WORK ITEM. Verbatim output, no pictures: the lines from the beginning of the material through the line with "from ezdxf.enums import", both ends kept.

MATERIAL SUPPLIED.
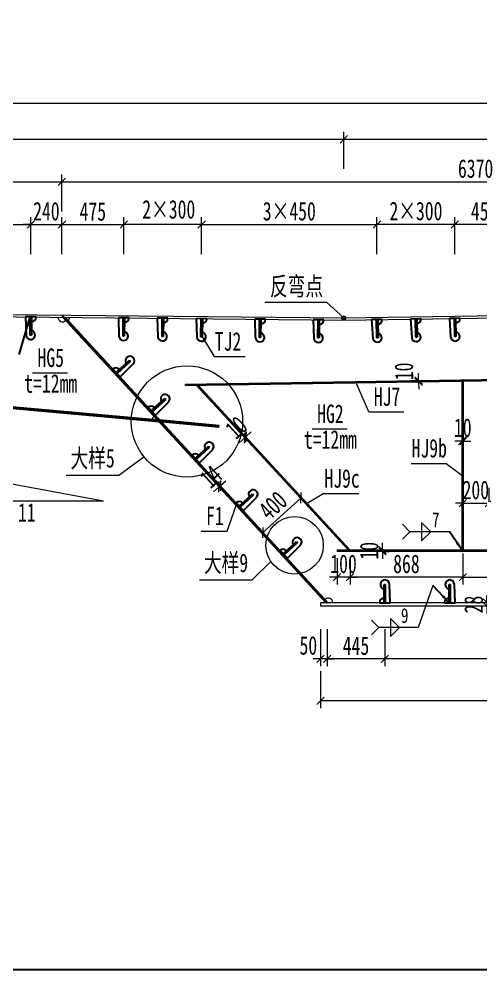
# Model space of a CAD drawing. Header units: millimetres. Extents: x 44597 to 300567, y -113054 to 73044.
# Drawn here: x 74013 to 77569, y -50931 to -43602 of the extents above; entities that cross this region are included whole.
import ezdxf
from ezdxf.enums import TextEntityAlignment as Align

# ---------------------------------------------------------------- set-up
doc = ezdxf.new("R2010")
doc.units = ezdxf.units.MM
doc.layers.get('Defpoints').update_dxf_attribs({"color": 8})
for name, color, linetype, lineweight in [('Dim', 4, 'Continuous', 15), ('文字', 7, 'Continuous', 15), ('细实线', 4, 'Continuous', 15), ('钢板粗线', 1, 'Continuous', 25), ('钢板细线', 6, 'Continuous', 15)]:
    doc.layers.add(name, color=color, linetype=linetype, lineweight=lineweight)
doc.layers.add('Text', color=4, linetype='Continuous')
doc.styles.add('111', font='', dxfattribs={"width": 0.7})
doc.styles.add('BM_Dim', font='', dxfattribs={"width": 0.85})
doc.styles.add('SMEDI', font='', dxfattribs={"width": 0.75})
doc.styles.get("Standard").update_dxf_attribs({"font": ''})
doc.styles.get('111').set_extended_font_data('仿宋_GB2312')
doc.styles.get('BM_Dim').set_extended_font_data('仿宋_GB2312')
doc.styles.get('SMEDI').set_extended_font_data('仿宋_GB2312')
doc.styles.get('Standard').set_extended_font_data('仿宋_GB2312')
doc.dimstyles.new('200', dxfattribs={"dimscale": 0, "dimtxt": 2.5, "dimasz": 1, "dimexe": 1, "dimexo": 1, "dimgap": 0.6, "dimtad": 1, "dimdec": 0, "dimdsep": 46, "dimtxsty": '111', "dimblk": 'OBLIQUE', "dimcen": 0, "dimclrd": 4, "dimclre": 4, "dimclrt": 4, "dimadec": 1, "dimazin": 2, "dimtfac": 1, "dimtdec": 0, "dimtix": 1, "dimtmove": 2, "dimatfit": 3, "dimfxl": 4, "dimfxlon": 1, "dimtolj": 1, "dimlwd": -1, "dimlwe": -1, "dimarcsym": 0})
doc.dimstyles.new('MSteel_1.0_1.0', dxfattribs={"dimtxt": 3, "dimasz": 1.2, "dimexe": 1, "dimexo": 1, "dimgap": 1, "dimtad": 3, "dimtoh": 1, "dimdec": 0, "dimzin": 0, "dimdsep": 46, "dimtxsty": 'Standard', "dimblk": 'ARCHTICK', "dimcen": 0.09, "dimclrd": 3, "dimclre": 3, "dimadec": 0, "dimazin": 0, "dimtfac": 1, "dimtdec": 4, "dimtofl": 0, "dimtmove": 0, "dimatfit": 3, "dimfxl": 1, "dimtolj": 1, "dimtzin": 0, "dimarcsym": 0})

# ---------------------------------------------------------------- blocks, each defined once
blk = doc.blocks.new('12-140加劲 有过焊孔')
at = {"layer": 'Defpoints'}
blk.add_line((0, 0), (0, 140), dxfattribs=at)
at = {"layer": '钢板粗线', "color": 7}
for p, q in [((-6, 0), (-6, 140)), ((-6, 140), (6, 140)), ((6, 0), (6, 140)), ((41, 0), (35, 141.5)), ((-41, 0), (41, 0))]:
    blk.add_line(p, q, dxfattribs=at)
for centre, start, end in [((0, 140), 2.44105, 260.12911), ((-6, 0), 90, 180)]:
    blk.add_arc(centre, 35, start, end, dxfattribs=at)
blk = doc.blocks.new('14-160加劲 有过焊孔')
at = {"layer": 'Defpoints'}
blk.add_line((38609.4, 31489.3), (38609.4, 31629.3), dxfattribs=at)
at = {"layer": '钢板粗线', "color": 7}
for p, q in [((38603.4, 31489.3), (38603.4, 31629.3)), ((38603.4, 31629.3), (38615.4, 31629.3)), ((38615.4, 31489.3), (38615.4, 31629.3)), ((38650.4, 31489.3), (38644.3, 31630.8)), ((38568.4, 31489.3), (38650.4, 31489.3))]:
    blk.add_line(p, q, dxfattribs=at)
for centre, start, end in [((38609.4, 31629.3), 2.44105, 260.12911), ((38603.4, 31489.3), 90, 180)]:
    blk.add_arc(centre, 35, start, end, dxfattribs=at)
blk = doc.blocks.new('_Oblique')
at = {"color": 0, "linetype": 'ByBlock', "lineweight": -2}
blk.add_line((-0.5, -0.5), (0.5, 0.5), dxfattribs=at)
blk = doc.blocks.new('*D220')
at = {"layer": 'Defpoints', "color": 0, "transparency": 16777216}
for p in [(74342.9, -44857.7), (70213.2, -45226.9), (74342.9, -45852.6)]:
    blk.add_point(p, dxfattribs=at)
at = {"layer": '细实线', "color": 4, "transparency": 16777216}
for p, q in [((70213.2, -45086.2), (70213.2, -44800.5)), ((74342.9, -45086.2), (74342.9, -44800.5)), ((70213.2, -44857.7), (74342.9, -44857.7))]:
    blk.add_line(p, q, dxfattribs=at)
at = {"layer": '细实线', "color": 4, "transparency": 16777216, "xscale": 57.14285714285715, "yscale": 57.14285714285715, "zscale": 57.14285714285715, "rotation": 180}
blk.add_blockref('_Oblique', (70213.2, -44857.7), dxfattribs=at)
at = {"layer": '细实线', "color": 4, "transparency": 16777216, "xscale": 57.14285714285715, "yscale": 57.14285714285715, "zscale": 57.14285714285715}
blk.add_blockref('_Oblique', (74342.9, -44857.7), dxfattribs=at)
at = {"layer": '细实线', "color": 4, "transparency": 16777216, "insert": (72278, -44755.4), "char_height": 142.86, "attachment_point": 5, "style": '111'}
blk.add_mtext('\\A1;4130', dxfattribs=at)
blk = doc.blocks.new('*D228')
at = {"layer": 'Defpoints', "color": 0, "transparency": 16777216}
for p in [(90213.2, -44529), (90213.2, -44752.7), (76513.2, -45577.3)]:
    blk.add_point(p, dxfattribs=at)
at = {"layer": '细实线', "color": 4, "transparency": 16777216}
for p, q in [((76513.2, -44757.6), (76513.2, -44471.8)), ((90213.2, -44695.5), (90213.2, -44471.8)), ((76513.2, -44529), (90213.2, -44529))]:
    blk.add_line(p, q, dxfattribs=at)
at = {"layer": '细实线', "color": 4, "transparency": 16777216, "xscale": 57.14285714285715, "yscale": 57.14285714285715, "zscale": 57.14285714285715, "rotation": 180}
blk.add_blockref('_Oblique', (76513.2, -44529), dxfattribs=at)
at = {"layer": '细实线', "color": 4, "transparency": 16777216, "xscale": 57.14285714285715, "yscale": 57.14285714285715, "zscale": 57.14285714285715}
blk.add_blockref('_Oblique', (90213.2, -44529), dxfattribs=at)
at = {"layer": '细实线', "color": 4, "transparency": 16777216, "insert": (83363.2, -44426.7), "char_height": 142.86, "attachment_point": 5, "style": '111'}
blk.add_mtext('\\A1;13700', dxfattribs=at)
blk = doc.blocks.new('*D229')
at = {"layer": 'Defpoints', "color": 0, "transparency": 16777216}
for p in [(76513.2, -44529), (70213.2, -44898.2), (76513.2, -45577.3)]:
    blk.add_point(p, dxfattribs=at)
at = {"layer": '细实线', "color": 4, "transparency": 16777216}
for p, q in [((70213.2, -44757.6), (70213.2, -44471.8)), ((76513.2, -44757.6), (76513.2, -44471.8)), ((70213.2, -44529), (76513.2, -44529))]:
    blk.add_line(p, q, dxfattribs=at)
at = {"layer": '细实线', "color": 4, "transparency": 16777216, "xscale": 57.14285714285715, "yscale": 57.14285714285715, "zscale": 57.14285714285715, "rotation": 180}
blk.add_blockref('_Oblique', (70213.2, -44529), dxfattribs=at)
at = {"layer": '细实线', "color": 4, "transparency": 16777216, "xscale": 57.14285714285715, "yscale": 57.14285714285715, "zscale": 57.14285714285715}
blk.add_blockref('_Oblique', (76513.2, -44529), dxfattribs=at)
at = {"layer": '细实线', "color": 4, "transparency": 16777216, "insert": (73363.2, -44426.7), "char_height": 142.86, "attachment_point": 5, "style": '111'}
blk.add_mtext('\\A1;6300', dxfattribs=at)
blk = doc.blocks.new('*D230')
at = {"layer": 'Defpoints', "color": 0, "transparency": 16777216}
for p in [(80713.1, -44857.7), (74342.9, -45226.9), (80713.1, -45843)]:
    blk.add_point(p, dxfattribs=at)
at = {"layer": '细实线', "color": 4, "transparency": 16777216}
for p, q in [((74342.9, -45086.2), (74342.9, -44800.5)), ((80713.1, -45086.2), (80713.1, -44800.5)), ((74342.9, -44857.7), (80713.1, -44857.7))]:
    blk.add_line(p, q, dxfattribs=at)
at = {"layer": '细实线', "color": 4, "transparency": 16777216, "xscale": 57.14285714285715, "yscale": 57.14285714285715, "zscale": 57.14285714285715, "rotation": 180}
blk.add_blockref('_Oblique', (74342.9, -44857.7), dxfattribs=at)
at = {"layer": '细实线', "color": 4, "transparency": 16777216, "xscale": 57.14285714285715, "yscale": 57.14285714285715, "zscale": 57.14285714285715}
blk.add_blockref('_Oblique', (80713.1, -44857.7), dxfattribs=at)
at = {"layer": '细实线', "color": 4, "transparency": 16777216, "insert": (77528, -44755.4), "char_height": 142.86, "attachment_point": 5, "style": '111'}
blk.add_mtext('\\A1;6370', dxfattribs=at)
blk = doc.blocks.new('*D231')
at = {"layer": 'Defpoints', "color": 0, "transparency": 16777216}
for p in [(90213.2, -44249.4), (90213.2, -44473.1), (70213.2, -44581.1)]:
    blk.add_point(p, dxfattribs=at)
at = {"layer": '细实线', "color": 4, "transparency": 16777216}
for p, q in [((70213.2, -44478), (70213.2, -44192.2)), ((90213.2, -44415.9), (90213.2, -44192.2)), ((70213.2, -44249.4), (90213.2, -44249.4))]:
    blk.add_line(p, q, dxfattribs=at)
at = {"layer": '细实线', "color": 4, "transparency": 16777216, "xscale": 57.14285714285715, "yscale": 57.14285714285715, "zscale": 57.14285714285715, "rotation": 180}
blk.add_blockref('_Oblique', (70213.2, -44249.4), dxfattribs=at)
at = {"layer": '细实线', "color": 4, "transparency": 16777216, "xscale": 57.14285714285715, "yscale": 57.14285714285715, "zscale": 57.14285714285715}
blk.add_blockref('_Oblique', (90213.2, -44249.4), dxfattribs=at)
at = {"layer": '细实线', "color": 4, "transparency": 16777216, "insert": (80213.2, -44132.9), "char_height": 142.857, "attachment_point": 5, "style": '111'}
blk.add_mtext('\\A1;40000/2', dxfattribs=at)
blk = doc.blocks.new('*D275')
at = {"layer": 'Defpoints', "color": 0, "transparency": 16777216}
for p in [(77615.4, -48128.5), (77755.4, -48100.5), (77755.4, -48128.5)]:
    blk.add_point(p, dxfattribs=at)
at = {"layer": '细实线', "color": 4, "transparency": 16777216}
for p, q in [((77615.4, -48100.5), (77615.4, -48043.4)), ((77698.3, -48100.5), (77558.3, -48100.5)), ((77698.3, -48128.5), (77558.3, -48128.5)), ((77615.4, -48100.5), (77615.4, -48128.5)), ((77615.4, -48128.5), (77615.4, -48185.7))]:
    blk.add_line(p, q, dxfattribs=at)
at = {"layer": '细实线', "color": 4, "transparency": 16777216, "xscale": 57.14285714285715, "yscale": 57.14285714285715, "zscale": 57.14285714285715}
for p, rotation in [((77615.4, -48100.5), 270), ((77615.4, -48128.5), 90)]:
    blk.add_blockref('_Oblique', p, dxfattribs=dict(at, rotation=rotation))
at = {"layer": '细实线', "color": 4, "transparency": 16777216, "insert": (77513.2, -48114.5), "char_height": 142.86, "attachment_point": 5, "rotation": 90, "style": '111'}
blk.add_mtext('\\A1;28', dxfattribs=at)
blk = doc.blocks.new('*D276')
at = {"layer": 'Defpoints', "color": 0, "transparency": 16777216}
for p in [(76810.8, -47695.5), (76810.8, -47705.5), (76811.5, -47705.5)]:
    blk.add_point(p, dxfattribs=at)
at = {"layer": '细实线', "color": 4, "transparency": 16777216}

REPLY TO THE EXERCISE.
# Model space of a CAD drawing. Header units: millimetres. Extents: x 44597 to 300567, y -113054 to 73044.
# Drawn here: x 74013 to 77569, y -50931 to -43602 of the extents above; entities that cross this region are included whole.
import ezdxf
from ezdxf.enums import TextEntityAlignment as Align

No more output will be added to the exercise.